“Adapt” is not just another book about problem solving in a complicated world. What is so exciting about Tim Harford’s new book is that he convinces us that most of the time, success is the outcome of randomness, muddling and a trial and error approach.
Right from the very first pages, the author asks us to think differently. To start with, we underestimate the mega complexity of our modern world and overestimate the performance of our leaders. We often assume that somebody very good at some things will be good at everything. Harford warns us that even deep expertise is not enough to solve today’s complex problems.

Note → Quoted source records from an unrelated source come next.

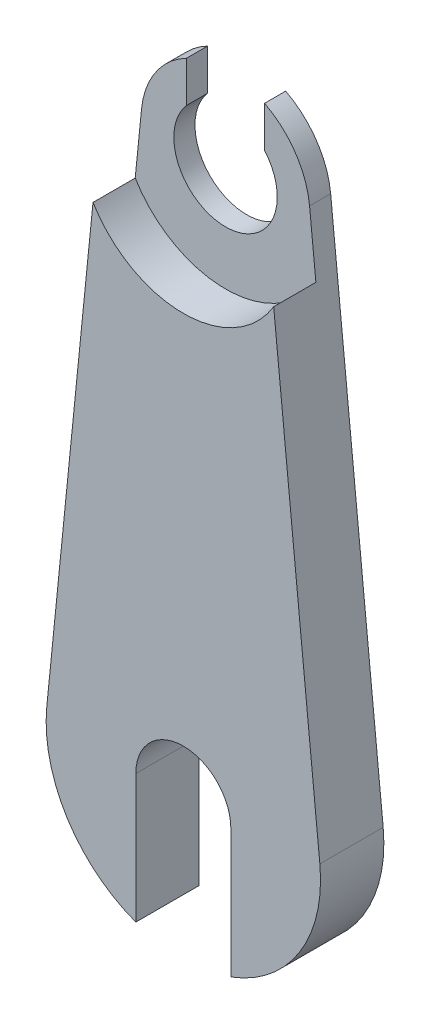
from build123d import *
from build123d.topology import SkipClean

# Parameters (mm, degrees)
SKETCH3_R           = 2.45
BOSS_EXTRUDE1_DEPTH = 1
SKETCH4_W           = 3.7
SKETCH4_H           = 4
CUT_EXTRUDE1_DEPTH  = 1
BOSS_EXTRUDE2_DEPTH = 2
CUT_EXTRUDE2_DEPTH  = 33.30325061


with BuildPart() as part:
    # Sketch3 → Boss-Extrude1 (new body)
    with BuildSketch(Plane.XY):
        with BuildLine():
            Line((3.979949748, 0.4), (6.467418341, -24.35))
            ThreePointArc((6.467418341, -24.35), (0, -31.5), (-6.467418341, -24.35))
            Line((-6.467418341, -24.35), (-3.979949748, 0.4))
            ThreePointArc((-3.979949748, 0.4), (0, 4), (3.979949748, 0.4))
        make_face()
        Circle(SKETCH3_R, mode=Mode.SUBTRACT)
    extrude(amount=BOSS_EXTRUDE1_DEPTH)

    # Sketch4 → Cut-Extrude1 (cut)
    with BuildSketch(Plane.XY.offset(1)):
        with Locations((0, 2)):
            Rectangle(SKETCH4_W, SKETCH4_H)
    extrude(amount=-CUT_EXTRUDE1_DEPTH, mode=Mode.SUBTRACT)

    # Sketch5 → Boss-Extrude2 (add)
    with SkipClean():  # the faces are left unmerged after this step: merging them gives an invalid solid
        with BuildSketch(Plane.XY.offset(1)):
            with BuildLine():
                Line((-4.279949748, -2.584962311), (-6.467418341, -24.35))
                ThreePointArc((-6.467418341, -24.35), (0, -31.5), (6.467418341, -24.35))
                Line((6.467418341, -24.35), (4.279949748, -2.584962311))
                ThreePointArc((4.279949748, -2.584962311), (0, -5), (-4.279949748, -2.584962311))
            make_face()
        extrude(amount=BOSS_EXTRUDE2_DEPTH)

    # Sketch6 → Cut-Extrude2 (cut, through all)
    with SkipClean():  # the faces are left unmerged after this step: merging them gives an invalid solid
        with BuildSketch(Plane.XY.offset(3)):
            with BuildLine():
                Line((2.25, -25), (2.25, -31.5))
                ThreePointArc((2.25, -31.5), (0, -33.75), (-2.25, -31.5))
                Line((-2.25, -31.5), (-2.25, -25))
                ThreePointArc((-2.25, -25), (0, -22.75), (2.25, -25))
            make_face()
        extrude(amount=-CUT_EXTRUDE2_DEPTH, mode=Mode.SUBTRACT)


solid = part.part
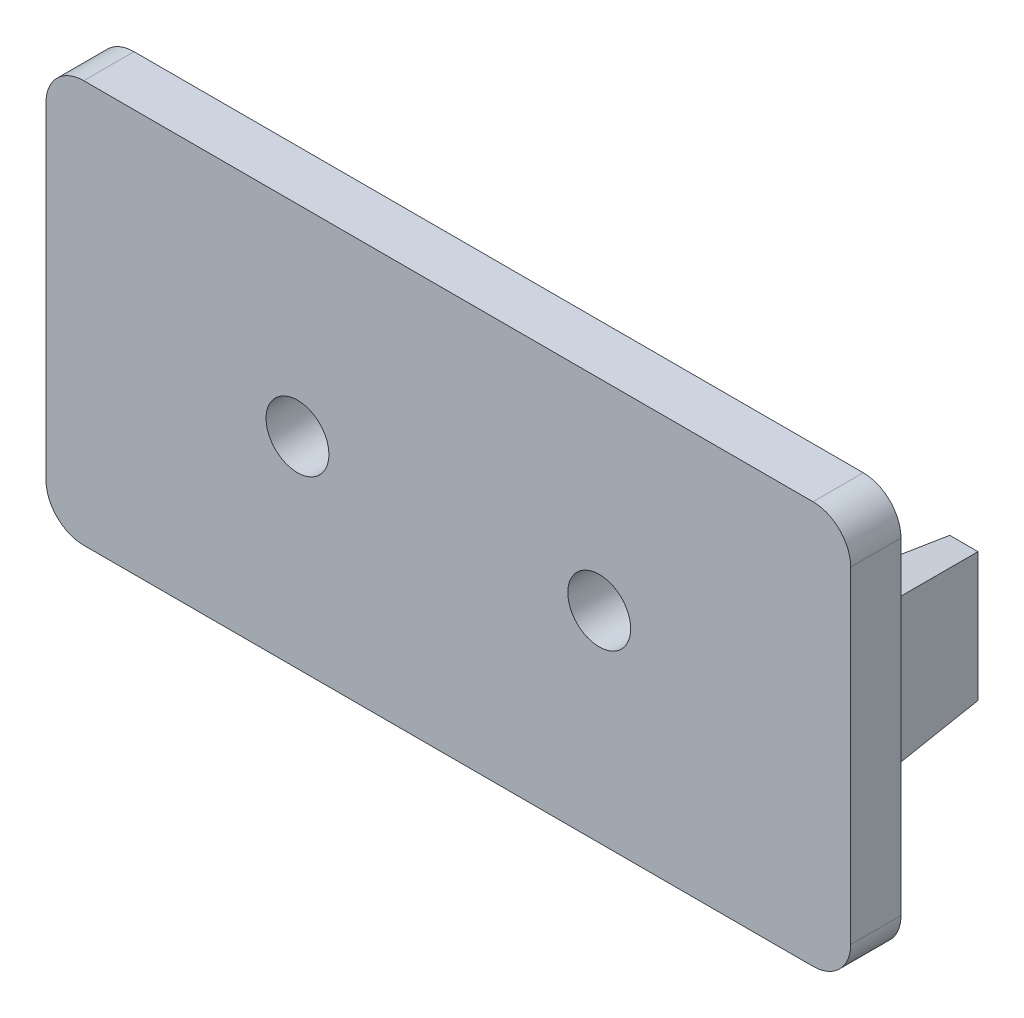
from build123d import *

# Parameters (mm, degrees)
SKETCH1_W           = 32
SKETCH1_H           = 16
SKETCH1_R           = 1.25
BOSS_EXTRUDE1_DEPTH = 2
SKETCH2_W           = 2
SKETCH2_H           = 6
BOSS_EXTRUDE2_DEPTH = 5
BOSS_EXTRUDE2_TAPER = 5
FILLET1_R           = 1.5


with BuildPart() as part:
    # Sketch1 → Boss-Extrude1 (new body)
    with BuildSketch(Plane.XY):
        Rectangle(SKETCH1_W, SKETCH1_H)
        with Locations((6, 0)):
            Circle(SKETCH1_R, mode=Mode.SUBTRACT)
        with Locations((-6, 0)):
            Circle(SKETCH1_R, mode=Mode.SUBTRACT)
    extrude(amount=BOSS_EXTRUDE1_DEPTH)

    # Sketch2 → Boss-Extrude2 (add)
    with BuildSketch(Plane(origin=(0, 0, 0), x_dir=(-1, 0, 0), z_dir=(0, 0, -1))):
        with Locations((-13.5, 0)):
            Rectangle(SKETCH2_W, SKETCH2_H)
        with Locations((13.5, 0)):
            Rectangle(SKETCH2_W, SKETCH2_H)
    extrude(amount=BOSS_EXTRUDE2_DEPTH, taper=BOSS_EXTRUDE2_TAPER)

    # Fillet1
    fillet1_edges = [part.edges().sort_by_distance(p)[0] for p in [
        (-16, 8, 1),
        (16, 8, 1),
        (16, -8, 1),
        (-16, -8, 1),
    ]]
    fillet(fillet1_edges, radius=FILLET1_R)


solid = part.part

A two-decade investigation led by a young psychologist, Philip Tetlock, proves the limits of expertise. For this study, he gathered 300 experts and asked them to make specific forecasts answering a total of 27,450 questions between them. He then waited to see whether their forecasts came true. “They rarely did,” says Harford. “The experts failed, and their failure to forecast the future is a symptom of their failure to understand fully the complexities of the present.” And another striking discovery, according to Tetlock’s report, is that the most famous experts, seen on television, were especially incompetent!
Even in business, excellence is not what it seems to be. Following the release, in 1982, of “In Search of Excellence,” which listed 43 excellent companies, Business Week published a lead story entitled, “Oops! Who’s Excellent Now?”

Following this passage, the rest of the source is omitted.